Question

The raspberry growing industry in the U.S. is perfectly competitive and constant-cost, and each producer has a long-run marginal cost curve given by MC(Q) = 20+2Q. The corresponding long-run average cost function is given by AC(Q) = 20 + Q +144/Q. The market demand curve is D(P) = 2488 − 2P . (a) What is the long-run equilibrium quantity for each individual firm? (b) What is the long-run price? (c) How many active producers are in the raspberry growing industry in a long-run competitive equilibrium?

Answer 1

The long-run equilibrium quantity for each individual firm is 12 packs of raspberries, at a long-run price of $44. There will be 200 active producers in the raspberry growing industry in a long-run competitive equilibrium.

Step-by-step explanation:

The student's question relates to finding the long-run equilibrium in a perfectly competitive and constant-cost raspberry growing industry. Given the marginal cost (MC) and average cost (AC) functions, along with the market demand curve, we proceed to find the equilibrium.
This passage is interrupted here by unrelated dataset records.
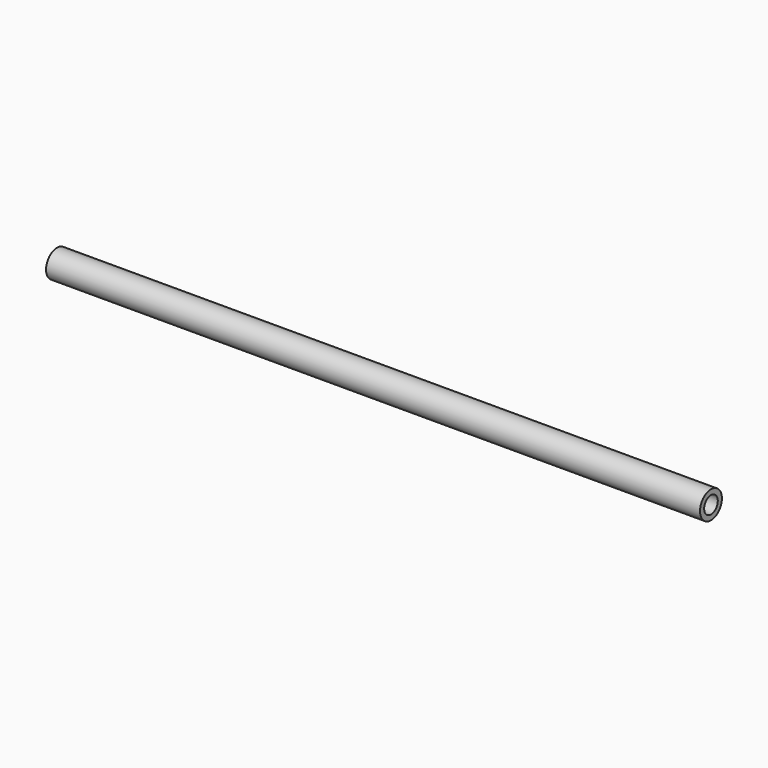
from build123d import *

# Parameters (mm, degrees)
F0_R     = 4.5
F1_DEPTH = 215
F2_R     = 2.8
F3_DEPTH = 215


with BuildPart() as f1:
    # F0 (on Right) → F1 (new body)
    with BuildSketch(Plane.YZ):
        Circle(F0_R)
    extrude(amount=F1_DEPTH)

    # F2 (on face) → F3 (cut, through all)
    with BuildSketch(Plane.YZ.offset(215)):
        Circle(F2_R)
    extrude(amount=-F3_DEPTH, mode=Mode.SUBTRACT)


solid = f1.part

In a perfectly competitive market, long-run equilibrium is established when economic profit is zero, which happens where Price (P) = Marginal Cost (MC) = Average Cost (AC). This is because firms will enter or exit the market until there are no economic profits left, leading to the price equaling average cost.

Given the firm's MC function MC(Q) = 20 + 2Q, and the AC function AC(Q) = 20 + Q +144/Q, we equate MC to AC to find the equilibrium quantity Q. Solving 20 + 2Q = 20 + Q + 144/Q, we find that Q = 12 packs of raspberries.

Substitute Q into the MC or AC function to find the long-run price. Thus, the long-run price (P) is P = 20 + 2(12) = $44.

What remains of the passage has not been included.